→ Exercise description:
The lines to extract run from the start of the records through the line with "doc.layers.add('XR$1$_3808', color=7, linetype='Continuous')", both ends included; drop the pictures.

→ Extracted information:
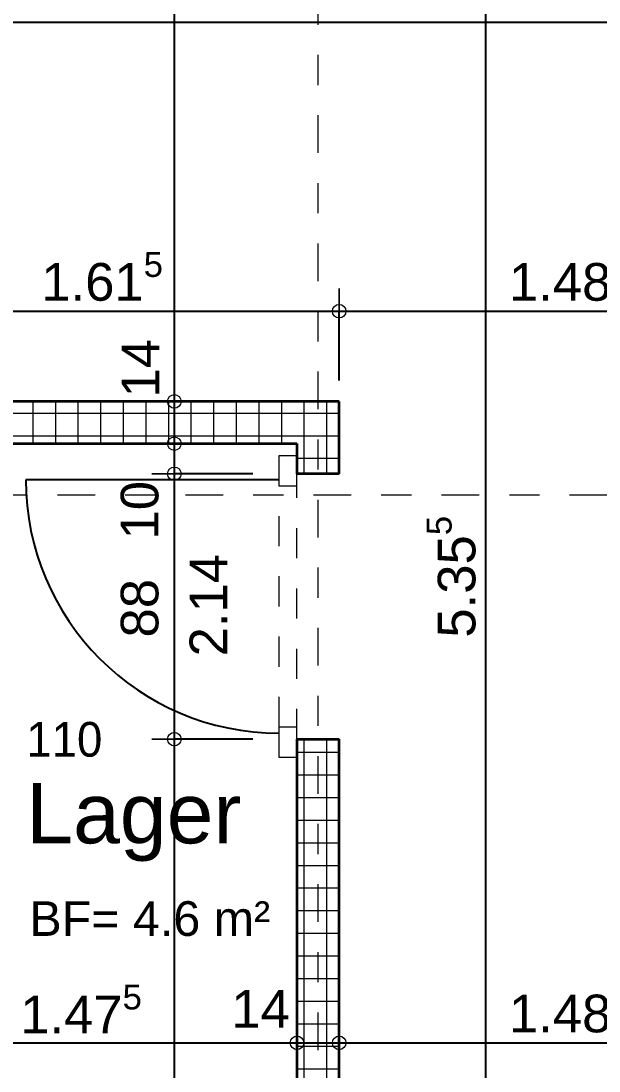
# Model space of a CAD drawing. Header units: metres. Extents: x -117 to -12, y 122 to 163.
# Drawn here: x -25.99 to -24.072, y 141.518 to 145 of the extents above; entities that cross this region are included whole.
import ezdxf

# ---------------------------------------------------------------- set-up
doc = ezdxf.new("R2010")
doc.units = ezdxf.units.M
doc.header["$PDMODE"] = 65
for name, pattern in [('AUSGEZOGEN', [0]), ('GETRENNT2_S10', [0.255, 0.125, -0.065, 0, -0.065]), ('PUNKT2_S9', [0.175, 0.075, -0.05, 0, -0.05])]:
    doc.linetypes.add(name, pattern=pattern)
doc.layers.add('XR$1$_3808', color=7, linetype='Continuous')
for name, color, linetype, lineweight in [('XR$1$Bauachsen_grob', 7, 'GETRENNT2_S10', 13), ('XR$1$Raumbezeichnung', 7, 'AUSGEZOGEN', 18), ('XR$1$Tuerblatt', 7, 'AUSGEZOGEN', 18), ('XR$1$Wand_Fertigelement', 7, 'AUSGEZOGEN', 35), ('XR$1$Werkplan-_Ausfuehrungsmasse', 7, 'AUSGEZOGEN', 13)]:
    doc.layers.add(name, color=color, linetype=linetype, lineweight=lineweight)
doc.styles.add('ARIAL', font='ARIAL.TTF')
doc.dimstyles.new('_DIMSTYLE_10', dxfattribs={"dimtxt": 0.125, "dimasz": 0.15, "dimexe": 0, "dimexo": 0, "dimgap": 0.0625, "dimtad": 2, "dimdec": 1, "dimlfac": 100, "dimrnd": 0.5, "dimzin": 4, "dimdsep": 46, "dimtxsty": 'ARIAL', "dimblk1": 'ALL_ML_KREIS', "dimblk2": 'ALL_ML_KREIS', "dimsah": 1, "dimcen": 0, "dimclrd": 256, "dimclre": 256, "dimclrt": 256, "dimadec": 0, "dimazin": 0, "dimtfac": 1, "dimtdec": 0, "dimtix": 1, "dimtmove": 2, "dimatfit": 3, "dimfxl": 0, "dimtvp": 1.2, "dimtzin": 0, "dimlwd": 0, "dimlwe": -1, "dimarcsym": 0})
doc.dimstyles.new('_DIMSTYLE_11', dxfattribs={"dimtxt": 0.125, "dimasz": 0.15, "dimexe": 0, "dimexo": 0, "dimgap": 0.0625, "dimtad": 2, "dimdec": 3, "dimrnd": 0.005, "dimzin": 4, "dimdsep": 46, "dimtxsty": 'ARIAL', "dimblk1": 'ALL_ML_KREIS', "dimblk2": 'ALL_ML_KREIS', "dimsah": 1, "dimcen": 0, "dimclrd": 256, "dimclre": 256, "dimclrt": 256, "dimadec": 0, "dimazin": 0, "dimtfac": 1, "dimtdec": 0, "dimtix": 1, "dimtmove": 2, "dimatfit": 3, "dimfxl": 0, "dimtzin": 0, "dimlwd": 0, "dimlwe": -1, "dimarcsym": 0})
doc.dimstyles.new('_DIMSTYLE_12', dxfattribs={"dimtxt": 0.125, "dimasz": 0.15, "dimexe": 0, "dimexo": 0, "dimgap": 0.0625, "dimtad": 2, "dimrnd": 0.005, "dimzin": 4, "dimdsep": 46, "dimtxsty": 'ARIAL', "dimblk1": 'ALL_ML_KREIS', "dimblk2": 'ALL_ML_KREIS', "dimsah": 1, "dimcen": 0, "dimclrd": 256, "dimclre": 256, "dimclrt": 256, "dimadec": 0, "dimazin": 0, "dimtfac": 1, "dimtdec": 0, "dimtix": 1, "dimtmove": 2, "dimatfit": 3, "dimfxl": 0, "dimtzin": 0, "dimlwd": 0, "dimlwe": -1, "dimarcsym": 0})
doc.dimstyles.new('_DIMSTYLE_14', dxfattribs={"dimtxt": 0.125, "dimasz": 0.15, "dimexe": 0, "dimexo": 0, "dimgap": 0.0625, "dimtad": 2, "dimdec": 1, "dimlfac": 100, "dimrnd": 0.5, "dimzin": 4, "dimdsep": 46, "dimtxsty": 'ARIAL', "dimblk1": 'ALL_ML_KREIS', "dimblk2": 'ALL_ML_KREIS', "dimsah": 1, "dimcen": 0, "dimclrd": 256, "dimclre": 256, "dimclrt": 256, "dimadec": 0, "dimazin": 0, "dimtfac": 1, "dimtdec": 0, "dimtix": 1, "dimtmove": 2, "dimatfit": 3, "dimfxl": 0, "dimtzin": 0, "dimlwd": 0, "dimlwe": -1, "dimarcsym": 0})
pattern_1 = [(0, (0, 0), (0, 0.075), []), (90, (0, 0), (-0.075, 5e-18), [])]

# ---------------------------------------------------------------- blocks, each defined once
blk = doc.blocks.new('ALL_ML_KREIS')
at = {"color": 0, "linetype": 'ByBlock', "lineweight": -2}
for p, q in [((0, -0.5), (0, 0.5)), ((-1, 0), (0.5, 0))]:
    blk.add_line(p, q, dxfattribs=at)
blk.add_circle((0, 0), 0.15, dxfattribs=at)
blk = doc.blocks.new('*D85')
at = {"layer": 'DEFPOINTS'}
for p in [(-26.5511, 144.9969), (-26.5511, 144.5581), (-23.4471, 143.8387)]:
    blk.add_point(p, dxfattribs=at)
at = {"layer": 'XR$1$Werkplan-_Ausfuehrungsmasse', "lineweight": -2}
for p, q in [((-26.5511, 144.5969), (-26.5511, 144.9969)), ((-26.5511, 144.9969), (-23.4471, 144.9969)), ((-23.4471, 144.5969), (-23.4471, 144.9969))]:
    blk.add_line(p, q, dxfattribs=at)
at = {"layer": 'XR$1$Werkplan-_Ausfuehrungsmasse', "xscale": 0.15, "yscale": 0.15, "zscale": 0.15, "rotation": 180}
blk.add_blockref('ALL_ML_KREIS', (-26.5511, 144.9969), dxfattribs=at)
at = {"layer": 'XR$1$Werkplan-_Ausfuehrungsmasse', "xscale": 0.15, "yscale": 0.15, "zscale": 0.15}
blk.add_blockref('ALL_ML_KREIS', (-23.4471, 144.9969), dxfattribs=at)
at = {"layer": 'XR$1$Werkplan-_Ausfuehrungsmasse', "insert": (-24.9773, 145.1116), "char_height": 0.125, "width": 0.625, "attachment_point": 5, "style": 'ARIAL'}
blk.add_mtext('\\A1;{\\A1;{3.10\\H0.082500;\\S5^ ;}}', dxfattribs=at)
blk = doc.blocks.new('*D92')
at = {"layer": 'DEFPOINTS'}
for p in [(-26.5511, 144.5581), (-26.5511, 144.0379), (-24.9341, 143.7387)]:
    blk.add_point(p, dxfattribs=at)
at = {"layer": 'XR$1$Werkplan-_Ausfuehrungsmasse', "lineweight": -2}
for p, q in [((-26.5511, 144.0379), (-26.5511, 144.0379)), ((-26.5511, 144.0379), (-24.9341, 144.0379)), ((-24.9341, 143.8079), (-24.9341, 144.0379))]:
    blk.add_line(p, q, dxfattribs=at)
at = {"layer": 'XR$1$Werkplan-_Ausfuehrungsmasse', "xscale": 0.15, "yscale": 0.15, "zscale": 0.15, "rotation": 180}
blk.add_blockref('ALL_ML_KREIS', (-26.5511, 144.0379), dxfattribs=at)
at = {"layer": 'XR$1$Werkplan-_Ausfuehrungsmasse', "xscale": 0.15, "yscale": 0.15, "zscale": 0.15}
blk.add_blockref('ALL_ML_KREIS', (-24.9341, 144.0379), dxfattribs=at)
at = {"layer": 'XR$1$Werkplan-_Ausfuehrungsmasse', "insert": (-25.7208, 144.1525), "char_height": 0.125, "width": 0.625, "attachment_point": 5, "style": 'ARIAL'}
blk.add_mtext('\\A1;{\\A1;{1.61\\H0.082500;\\S5^ ;}}', dxfattribs=at)
blk = doc.blocks.new('*D93')
at = {"layer": 'DEFPOINTS'}
for p in [(-24.9341, 144.0379), (-23.4471, 143.8387), (-24.9341, 143.7387)]:
    blk.add_point(p, dxfattribs=at)
at = {"layer": 'XR$1$Werkplan-_Ausfuehrungsmasse', "lineweight": -2}
for p, q in [((-24.9341, 143.8079), (-24.9341, 144.0379)), ((-24.9341, 144.0379), (-23.4471, 144.0379)), ((-23.4471, 143.9279), (-23.4471, 144.0379))]:
    blk.add_line(p, q, dxfattribs=at)
at = {"layer": 'XR$1$Werkplan-_Ausfuehrungsmasse', "xscale": 0.15, "yscale": 0.15, "zscale": 0.15, "rotation": 180}
blk.add_blockref('ALL_ML_KREIS', (-24.9341, 144.0379), dxfattribs=at)
at = {"layer": 'XR$1$Werkplan-_Ausfuehrungsmasse', "xscale": 0.15, "yscale": 0.15, "zscale": 0.15}
blk.add_blockref('ALL_ML_KREIS', (-23.4471, 144.0379), dxfattribs=at)
at = {"layer": 'XR$1$Werkplan-_Ausfuehrungsmasse', "insert": (-24.1688, 144.1525), "char_height": 0.125, "width": 0.625, "attachment_point": 5, "style": 'ARIAL'}
blk.add_mtext('\\A1;{\\A1;{1.48\\H0.082500;\\S5^ ;}}', dxfattribs=at)
blk = doc.blocks.new('*D104')
at = {"layer": 'DEFPOINTS'}
for p in [(-25.0741, 143.5987), (-26.5511, 142.408), (-26.5511, 141.6115)]:
    blk.add_point(p, dxfattribs=at)
at = {"layer": 'XR$1$Werkplan-_Ausfuehrungsmasse', "lineweight": -2}
for p, q in [((-26.5511, 142.2815), (-26.5511, 141.6115)), ((-26.5511, 141.6115), (-25.0741, 141.6115)), ((-25.0741, 141.6115), (-25.0741, 141.6115))]:
    blk.add_line(p, q, dxfattribs=at)
at = {"layer": 'XR$1$Werkplan-_Ausfuehrungsmasse', "xscale": 0.15, "yscale": 0.15, "zscale": 0.15, "rotation": 180}
blk.add_blockref('ALL_ML_KREIS', (-26.5511, 141.6115), dxfattribs=at)
at = {"layer": 'XR$1$Werkplan-_Ausfuehrungsmasse', "xscale": 0.15, "yscale": 0.15, "zscale": 0.15}
blk.add_blockref('ALL_ML_KREIS', (-25.0741, 141.6115), dxfattribs=at)
at = {"layer": 'XR$1$Werkplan-_Ausfuehrungsmasse', "insert": (-25.7908, 141.724), "char_height": 0.125, "width": 0.625, "attachment_point": 5, "style": 'ARIAL'}
blk.add_mtext('\\A1;{\\A1;{1.47\\H0.082500;\\S5^ ;}}', dxfattribs=at)
blk = doc.blocks.new('*D105')
at = {"layer": 'DEFPOINTS'}
for p in [(-25.0741, 143.5987), (-25.0741, 141.6115), (-24.9341, 140.458)]:
    blk.add_point(p, dxfattribs=at)
at = {"layer": 'XR$1$Werkplan-_Ausfuehrungsmasse', "lineweight": -2}
for p, q in [((-25.0741, 141.6115), (-25.0741, 141.6115)), ((-25.0741, 141.6115), (-24.9341, 141.6115)), ((-24.9341, 141.6115), (-24.9341, 141.6115))]:
    blk.add_line(p, q, dxfattribs=at)
at = {"layer": 'XR$1$Werkplan-_Ausfuehrungsmasse', "xscale": 0.15, "yscale": 0.15, "zscale": 0.15, "rotation": 180}
blk.add_blockref('ALL_ML_KREIS', (-25.0741, 141.6115), dxfattribs=at)
at = {"layer": 'XR$1$Werkplan-_Ausfuehrungsmasse', "xscale": 0.15, "yscale": 0.15, "zscale": 0.15}
blk.add_blockref('ALL_ML_KREIS', (-24.9341, 141.6115), dxfattribs=at)
at = {"layer": 'XR$1$Werkplan-_Ausfuehrungsmasse', "insert": (-25.1949, 141.724), "char_height": 0.125, "width": 0.5, "attachment_point": 5, "style": 'ARIAL'}
blk.add_mtext('\\A1;{\\A1;{14\\H0.082500;\\S^ ;}}', dxfattribs=at)
blk = doc.blocks.new('*D106')
at = {"layer": 'DEFPOINTS'}
for p in [(-24.9341, 141.6115), (-24.9341, 140.458), (-23.4471, 140.458)]:
    blk.add_point(p, dxfattribs=at)
at = {"layer": 'XR$1$Werkplan-_Ausfuehrungsmasse', "lineweight": -2}
for p, q in [((-24.9341, 141.6115), (-24.9341, 141.6115)), ((-24.9341, 141.6115), (-23.4471, 141.6115)), ((-23.4471, 141.6115), (-23.4471, 141.6115))]:
    blk.add_line(p, q, dxfattribs=at)
at = {"layer": 'XR$1$Werkplan-_Ausfuehrungsmasse', "xscale": 0.15, "yscale": 0.15, "zscale": 0.15, "rotation": 180}
blk.add_blockref('ALL_ML_KREIS', (-24.9341, 141.6115), dxfattribs=at)
at = {"layer": 'XR$1$Werkplan-_Ausfuehrungsmasse', "xscale": 0.15, "yscale": 0.15, "zscale": 0.15}
blk.add_blockref('ALL_ML_KREIS', (-23.4471, 141.6115), dxfattribs=at)
at = {"layer": 'XR$1$Werkplan-_Ausfuehrungsmasse', "insert": (-24.1688, 141.7262), "char_height": 0.125, "width": 0.625, "attachment_point": 5, "style": 'ARIAL'}
blk.add_mtext('\\A1;{\\A1;{1.48\\H0.082500;\\S5^ ;}}', dxfattribs=at)
blk = doc.blocks.new('*D112')
at = {"layer": 'DEFPOINTS'}
for p in [(-23.4471, 145.8127), (-24.4471, 140.458), (-23.4471, 140.458)]:
    blk.add_point(p, dxfattribs=at)
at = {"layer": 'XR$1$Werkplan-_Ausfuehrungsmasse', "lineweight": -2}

→ Reply:
# Model space of a CAD drawing. Header units: metres. Extents: x -117 to -12, y 122 to 163.
# Drawn here: x -25.99 to -24.072, y 141.518 to 145 of the extents above; entities that cross this region are included whole.
import ezdxf

# ---------------------------------------------------------------- set-up
doc = ezdxf.new("R2010")
doc.units = ezdxf.units.M
doc.header["$PDMODE"] = 65
for name, pattern in [('AUSGEZOGEN', [0]), ('GETRENNT2_S10', [0.255, 0.125, -0.065, 0, -0.065]), ('PUNKT2_S9', [0.175, 0.075, -0.05, 0, -0.05])]:
    doc.linetypes.add(name, pattern=pattern)
doc.layers.add('XR$1$_3808', color=7, linetype='Continuous')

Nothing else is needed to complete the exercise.